[Work instruction]:
Nothing is needed except the lines below that run from the one with "#171=VERTEX_POINT('',#170);" through the one with "#188=CARTESIAN_POINT('',(3.50000000000029,18.4999995706424,0.));", repeated exactly.

[Stored dataset items]

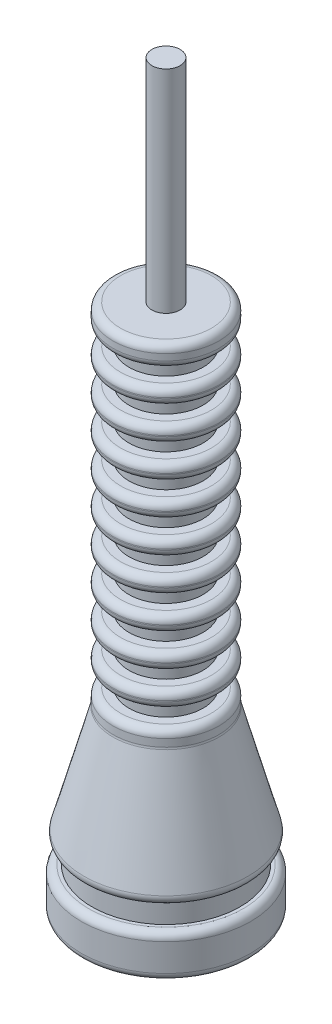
ISO-10303-21;
HEADER;
FILE_DESCRIPTION(('STEP AP214'),'2;1');
FILE_NAME('part.step','',(''),(''),'','','');
FILE_SCHEMA(('AUTOMOTIVE_DESIGN { 1 0 10303 214 1 1 1 1 }'));
ENDSEC;
DATA;
#1=APPLICATION_CONTEXT('core data for automotive mechanical design processes');
#2=APPLICATION_PROTOCOL_DEFINITION('international standard','automotive_design',2000,#1);
#3=PRODUCT_CONTEXT('',#1,'mechanical');
#4=PRODUCT('Part','Part','',(#3));
#5=PRODUCT_RELATED_PRODUCT_CATEGORY('part','',(#4));
#6=PRODUCT_DEFINITION_FORMATION('','',#4);
#7=PRODUCT_DEFINITION_CONTEXT('part definition',#1,'design');
#8=PRODUCT_DEFINITION('design','',#6,#7);
#9=PRODUCT_DEFINITION_SHAPE('','',#8);
#10=(LENGTH_UNIT() NAMED_UNIT(*) SI_UNIT(.MILLI.,.METRE.));
#11=(NAMED_UNIT(*) PLANE_ANGLE_UNIT() SI_UNIT($,.RADIAN.));
#12=(NAMED_UNIT(*) SI_UNIT($,.STERADIAN.) SOLID_ANGLE_UNIT());
#13=UNCERTAINTY_MEASURE_WITH_UNIT(LENGTH_MEASURE(1.E-05),#10,'distance_accuracy_value','');
#14=(GEOMETRIC_REPRESENTATION_CONTEXT(3) GLOBAL_UNCERTAINTY_ASSIGNED_CONTEXT((#13)) GLOBAL_UNIT_ASSIGNED_CONTEXT((#10,
#11,#12)) REPRESENTATION_CONTEXT('',''));
#15=CARTESIAN_POINT('',(0.,0.,0.));
#16=DIRECTION('',(0.,0.,1.));
#17=DIRECTION('',(1.,0.,0.));
#18=AXIS2_PLACEMENT_3D('',#15,#16,#17);
#19=CARTESIAN_POINT('',(0.,0.,0.));
#20=DIRECTION('',(0.,-1.,0.));
#21=DIRECTION('',(0.,0.,-1.));
#22=AXIS2_PLACEMENT_3D('',#19,#20,#21);
#23=PLANE('',#22);
#24=CARTESIAN_POINT('',(0.,0.,0.));
#25=DIRECTION('',(0.,-1.,0.));
#26=DIRECTION('',(0.,0.,-1.));
#27=AXIS2_PLACEMENT_3D('',#24,#25,#26);
#28=CIRCLE('',#27,7.3);
#29=CARTESIAN_POINT('',(0.,0.,-7.3));
#30=VERTEX_POINT('',#29);
#31=EDGE_CURVE('E190',#30,#30,#28,.T.);
#32=ORIENTED_EDGE('',*,*,#31,.T.);
#33=EDGE_LOOP('',(#32));
#34=FACE_BOUND('',#33,.T.);
#35=ADVANCED_FACE('F35',(#34),#23,.T.);
#36=CARTESIAN_POINT('',(0.,0.,0.));
#37=DIRECTION('',(0.,-1.,0.));
#38=DIRECTION('',(0.,0.,-1.));
#39=AXIS2_PLACEMENT_3D('',#36,#37,#38);
#40=CYLINDRICAL_SURFACE('',#39,8.);
#41=CARTESIAN_POINT('',(0.,0.7,0.));
#42=DIRECTION('',(0.,-1.,0.));
#43=DIRECTION('',(0.,0.,-1.));
#44=AXIS2_PLACEMENT_3D('',#41,#42,#43);
#45=CIRCLE('',#44,8.);
#46=CARTESIAN_POINT('',(0.,0.7,-8.));
#47=VERTEX_POINT('',#46);
#48=EDGE_CURVE('E184',#47,#47,#45,.F.);
#49=ORIENTED_EDGE('',*,*,#48,.T.);
#50=EDGE_LOOP('',(#49));
#51=FACE_BOUND('',#50,.T.);
#52=CARTESIAN_POINT('',(0.,3.3,0.));
#53=DIRECTION('',(0.,1.,0.));
#54=DIRECTION('',(0.,0.,1.));
#55=AXIS2_PLACEMENT_3D('',#52,#53,#54);
#56=CIRCLE('',#55,8.);
#57=CARTESIAN_POINT('',(0.,3.3,8.));
#58=VERTEX_POINT('',#57);
#59=EDGE_CURVE('E187',#58,#58,#56,.F.);
#60=ORIENTED_EDGE('',*,*,#59,.T.);
#61=EDGE_LOOP('',(#60));
#62=FACE_BOUND('',#61,.T.);
#63=ADVANCED_FACE('F286',(#51,#62),#40,.T.);
#64=CARTESIAN_POINT('',(8.,4.,0.));
#65=DIRECTION('',(0.,1.,0.));
#66=DIRECTION('',(0.,0.,1.));
#67=AXIS2_PLACEMENT_3D('',#64,#65,#66);
#68=PLANE('',#67);
#69=CARTESIAN_POINT('',(0.,4.,0.));
#70=DIRECTION('',(0.,1.,0.));
#71=DIRECTION('',(0.,0.,1.));
#72=AXIS2_PLACEMENT_3D('',#69,#70,#71);
#73=CIRCLE('',#72,7.3);
#74=CARTESIAN_POINT('',(0.,4.,7.3));
#75=VERTEX_POINT('',#74);
#76=EDGE_CURVE('E181',#75,#75,#73,.T.);
#77=ORIENTED_EDGE('',*,*,#76,.T.);
#78=EDGE_LOOP('',(#77));
#79=FACE_BOUND('',#78,.T.);
#80=CARTESIAN_POINT('',(0.,4.,0.));
#81=DIRECTION('',(0.,-1.,0.));
#82=DIRECTION('',(0.,0.,-1.));
#83=AXIS2_PLACEMENT_3D('',#80,#81,#82);
#84=CIRCLE('',#83,7.);
#85=CARTESIAN_POINT('',(0.,4.,-7.));
#86=VERTEX_POINT('',#85);
#87=EDGE_CURVE('E193',#86,#86,#84,.T.);
#88=ORIENTED_EDGE('',*,*,#87,.T.);
#89=EDGE_LOOP('',(#88));
#90=FACE_BOUND('',#89,.T.);
#91=ADVANCED_FACE('F292',(#79,#90),#68,.T.);
#92=CARTESIAN_POINT('',(0.,0.,0.));
#93=DIRECTION('',(0.,-1.,0.));
#94=DIRECTION('',(0.,0.,-1.));
#95=AXIS2_PLACEMENT_3D('',#92,#93,#94);
#96=CYLINDRICAL_SURFACE('',#95,7.);
#97=CARTESIAN_POINT('',(0.,6.,0.));
#98=DIRECTION('',(0.,-1.,0.));
#99=DIRECTION('',(0.,0.,-1.));
#100=AXIS2_PLACEMENT_3D('',#97,#98,#99);
#101=CIRCLE('',#100,7.);
#102=CARTESIAN_POINT('',(0.,6.,-7.));
#103=VERTEX_POINT('',#102);
#104=EDGE_CURVE('E196',#103,#103,#101,.T.);
#105=ORIENTED_EDGE('',*,*,#104,.T.);
#106=EDGE_LOOP('',(#105));
#107=FACE_BOUND('',#106,.T.);
#108=ORIENTED_EDGE('',*,*,#87,.F.);
#109=EDGE_LOOP('',(#108));
#110=FACE_BOUND('',#109,.T.);
#111=ADVANCED_FACE('F567',(#107,#110),#96,.T.);
#112=CARTESIAN_POINT('',(7.,6.,0.));
#113=DIRECTION('',(0.,-1.,0.));
#114=DIRECTION('',(0.,0.,-1.));
#115=AXIS2_PLACEMENT_3D('',#112,#113,#114);
#116=PLANE('',#115);
#117=CARTESIAN_POINT('',(0.,6.,0.));
#118=DIRECTION('',(0.,-1.,0.));
#119=DIRECTION('',(0.,0.,-1.));
#120=AXIS2_PLACEMENT_3D('',#117,#118,#119);
#121=CIRCLE('',#120,7.08352471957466);
#122=CARTESIAN_POINT('',(0.,6.,-7.08352471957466));
#123=VERTEX_POINT('',#122);
#124=EDGE_CURVE('E178',#123,#123,#121,.T.);
#125=ORIENTED_EDGE('',*,*,#124,.T.);
#126=EDGE_LOOP('',(#125));
#127=FACE_BOUND('',#126,.T.);
#128=ORIENTED_EDGE('',*,*,#104,.F.);
#129=EDGE_LOOP('',(#128));
#130=FACE_BOUND('',#129,.T.);
#131=ADVANCED_FACE('F563',(#127,#130),#116,.T.);
#132=CARTESIAN_POINT('',(0.,6.,0.));
#133=DIRECTION('',(0.,-1.,0.));
#134=DIRECTION('',(0.,0.,-1.));
#135=AXIS2_PLACEMENT_3D('',#132,#133,#134);
#136=CONICAL_SURFACE('',#135,8.,0.266252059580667);
#137=CARTESIAN_POINT('',(0.,6.88418219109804,0.));
#138=DIRECTION('',(0.,1.,0.));
#139=DIRECTION('',(0.,0.,1.));
#140=AXIS2_PLACEMENT_3D('',#137,#138,#139);
#141=CIRCLE('',#140,7.7588593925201);
#142=CARTESIAN_POINT('',(0.,6.88418219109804,7.7588593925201));
#143=VERTEX_POINT('',#142);
#144=EDGE_CURVE('E172',#143,#143,#141,.T.);
#145=ORIENTED_EDGE('',*,*,#144,.T.);
#146=EDGE_LOOP('',(#145));
#147=FACE_BOUND('',#146,.T.);
#148=CARTESIAN_POINT('',(0.,16.9095600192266,0.));
#149=DIRECTION('',(0.,-1.,0.));
#150=DIRECTION('',(0.,0.,-1.));
#151=AXIS2_PLACEMENT_3D('',#148,#149,#150);
#152=CIRCLE('',#151,5.02466532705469);
#153=CARTESIAN_POINT('',(0.,16.9095600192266,-5.02466532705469));
#154=VERTEX_POINT('',#153);
#155=EDGE_CURVE('E175',#154,#154,#152,.T.);
#156=ORIENTED_EDGE('',*,*,#155,.T.);
#157=EDGE_LOOP('',(#156));
#158=FACE_BOUND('',#157,.T.);
#159=ADVANCED_FACE('F559',(#147,#158),#136,.T.);
#160=CARTESIAN_POINT('',(0.,0.,0.));
#161=DIRECTION('',(0.,-1.,0.));
#162=DIRECTION('',(0.,0.,-1.));
#163=AXIS2_PLACEMENT_3D('',#160,#161,#162);
#164=CYLINDRICAL_SURFACE('',#163,5.00000000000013);
#165=CARTESIAN_POINT('',(0.,17.0937422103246,0.));
#166=DIRECTION('',(0.,-1.,0.));
#167=DIRECTION('',(0.,0.,-1.));
#168=AXIS2_PLACEMENT_3D('',#165,#166,#167);
#169=CIRCLE('',#168,5.00000000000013);
#170=CARTESIAN_POINT('',(0.,17.0937422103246,-5.00000000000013));
#171=VERTEX_POINT('',#170);
#172=EDGE_CURVE('E166',#171,#171,#169,.F.);
#173=ORIENTED_EDGE('',*,*,#172,.T.);
#174=EDGE_LOOP('',(#173));
#175=FACE_BOUND('',#174,.T.);
#176=CARTESIAN_POINT('',(0.,17.7999995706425,0.));
#177=DIRECTION('',(0.,1.,0.));
#178=DIRECTION('',(0.,0.,1.));
#179=AXIS2_PLACEMENT_3D('',#176,#177,#178);
#180=CIRCLE('',#179,5.00000000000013);
#181=CARTESIAN_POINT('',(0.,17.7999995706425,5.00000000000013));
#182=VERTEX_POINT('',#181);
#183=EDGE_CURVE('E169',#182,#182,#180,.F.);
#184=ORIENTED_EDGE('',*,*,#183,.T.);
#185=EDGE_LOOP('',(#184));
#186=FACE_BOUND('',#185,.T.);
#187=ADVANCED_FACE('F555',(#175,#186),#164,.T.);
#188=CARTESIAN_POINT('',(3.50000000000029,18.4999995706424,0.));
#189=DIRECTION('',(0.,1.,0.));
#190=DIRECTION('',(0.,0.,1.));
#191=AXIS2_PLACEMENT_3D('',#188,#189,#190);
#192=PLANE('',#191);
#193=CARTESIAN_POINT('',(0.,18.4999995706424,0.));
#194=DIRECTION('',(0.,1.,0.));
#195=DIRECTION('',(0.,0.,1.));
#196=AXIS2_PLACEMENT_3D('',#193,#194,#195);
#197=CIRCLE('',#196,4.30000000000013);
#198=CARTESIAN_POINT('',(0.,18.4999995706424,4.30000000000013));
#199=VERTEX_POINT('',#198);
#200=EDGE_CURVE('E163',#199,#199,#197,.T.);
#201=ORIENTED_EDGE('',*,*,#200,.T.);
#202=EDGE_LOOP('',(#201));
#203=FACE_BOUND('',#202,.T.);
#204=CARTESIAN_POINT('',(0.,18.4999995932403,0.));
#205=DIRECTION('',(0.,-1.,0.));
#206=DIRECTION('',(0.,0.,-1.));
#207=AXIS2_PLACEMENT_3D('',#204,#205,#206);
#208=CIRCLE('',#207,3.50000000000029);
#209=CARTESIAN_POINT('',(0.,18.4999995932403,-3.50000000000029));
#210=VERTEX_POINT('',#209);
#211=EDGE_CURVE('E199',#210,#210,#208,.T.);
#212=ORIENTED_EDGE('',*,*,#211,.T.);
#213=EDGE_LOOP('',(#212));
#214=FACE_BOUND('',#213,.T.);
#215=ADVANCED_FACE('F551',(#203,#214),#192,.T.);
#216=CARTESIAN_POINT('',(0.,0.,0.));
#217=DIRECTION('',(0.,-1.,0.));
#218=DIRECTION('',(0.,0.,-1.));
#219=AXIS2_PLACEMENT_3D('',#216,#217,#218);
#220=CYLINDRICAL_SURFACE('',#219,3.50000000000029);
#221=CARTESIAN_POINT('',(0.,20.0999995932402,0.));
#222=DIRECTION('',(0.,-1.,0.));
#223=DIRECTION('',(0.,0.,-1.));
#224=AXIS2_PLACEMENT_3D('',#221,#222,#223);
#225=CIRCLE('',#224,3.50000000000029);
#226=CARTESIAN_POINT('',(0.,20.0999995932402,-3.50000000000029));
#227=VERTEX_POINT('',#226);
#228=EDGE_CURVE('E202',#227,#227,#225,.T.);
#229=ORIENTED_EDGE('',*,*,#228,.T.);
#230=EDGE_LOOP('',(#229));
#231=FACE_BOUND('',#230,.T.);
#232=ORIENTED_EDGE('',*,*,#211,.F.);
#233=EDGE_LOOP('',(#232));
#234=FACE_BOUND('',#233,.T.);
#235=ADVANCED_FACE('F547',(#231,#234),#220,.T.);
#236=CARTESIAN_POINT('',(5.00000000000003,20.0999995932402,0.));
#237=DIRECTION('',(0.,-1.,0.));
#238=DIRECTION('',(0.,0.,-1.));
#239=AXIS2_PLACEMENT_3D('',#236,#237,#238);
#240=PLANE('',#239);
#241=CARTESIAN_POINT('',(0.,20.0999995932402,0.));
#242=DIRECTION('',(0.,-1.,0.));
#243=DIRECTION('',(0.,0.,-1.));
#244=AXIS2_PLACEMENT_3D('',#241,#242,#243);
#245=CIRCLE('',#244,4.30000000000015);
#246=CARTESIAN_POINT('',(0.,20.0999995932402,-4.30000000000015));
#247=VERTEX_POINT('',#246);
#248=EDGE_CURVE('E160',#247,#247,#245,.T.);
#249=ORIENTED_EDGE('',*,*,#248,.T.);
#250=EDGE_LOOP('',(#249));
#251=FACE_BOUND('',#250,.T.);
#252=ORIENTED_EDGE('',*,*,#228,.F.);
#253=EDGE_LOOP('',(#252));
#254=FACE_BOUND('',#253,.T.);
#255=ADVANCED_FACE('F543',(#251,#254),#240,.T.);
#256=CARTESIAN_POINT('',(0.,0.,0.));
#257=DIRECTION('',(0.,-1.,0.));
#258=DIRECTION('',(0.,0.,-1.));
#259=AXIS2_PLACEMENT_3D('',#256,#257,#258);
#260=CYLINDRICAL_SURFACE('',#259,5.00000000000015);
#261=CARTESIAN_POINT('',(0.,20.7999995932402,0.));
#262=DIRECTION('',(0.,-1.,0.));
#263=DIRECTION('',(0.,0.,-1.));
#264=AXIS2_PLACEMENT_3D('',#261,#262,#263);
#265=CIRCLE('',#264,5.00000000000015);
#266=CARTESIAN_POINT('',(0.,20.7999995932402,-5.00000000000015));
#267=VERTEX_POINT('',#266);
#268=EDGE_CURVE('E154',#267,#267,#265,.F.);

[Result of this task]:
#171=VERTEX_POINT('',#170);
#172=EDGE_CURVE('E166',#171,#171,#169,.F.);
#173=ORIENTED_EDGE('',*,*,#172,.T.);
#174=EDGE_LOOP('',(#173));
#175=FACE_BOUND('',#174,.T.);
#176=CARTESIAN_POINT('',(0.,17.7999995706425,0.));
#177=DIRECTION('',(0.,1.,0.));
#178=DIRECTION('',(0.,0.,1.));
#179=AXIS2_PLACEMENT_3D('',#176,#177,#178);
#180=CIRCLE('',#179,5.00000000000013);
#181=CARTESIAN_POINT('',(0.,17.7999995706425,5.00000000000013));
#182=VERTEX_POINT('',#181);
#183=EDGE_CURVE('E169',#182,#182,#180,.F.);
#184=ORIENTED_EDGE('',*,*,#183,.T.);
#185=EDGE_LOOP('',(#184));
#186=FACE_BOUND('',#185,.T.);
#187=ADVANCED_FACE('F555',(#175,#186),#164,.T.);
#188=CARTESIAN_POINT('',(3.50000000000029,18.4999995706424,0.));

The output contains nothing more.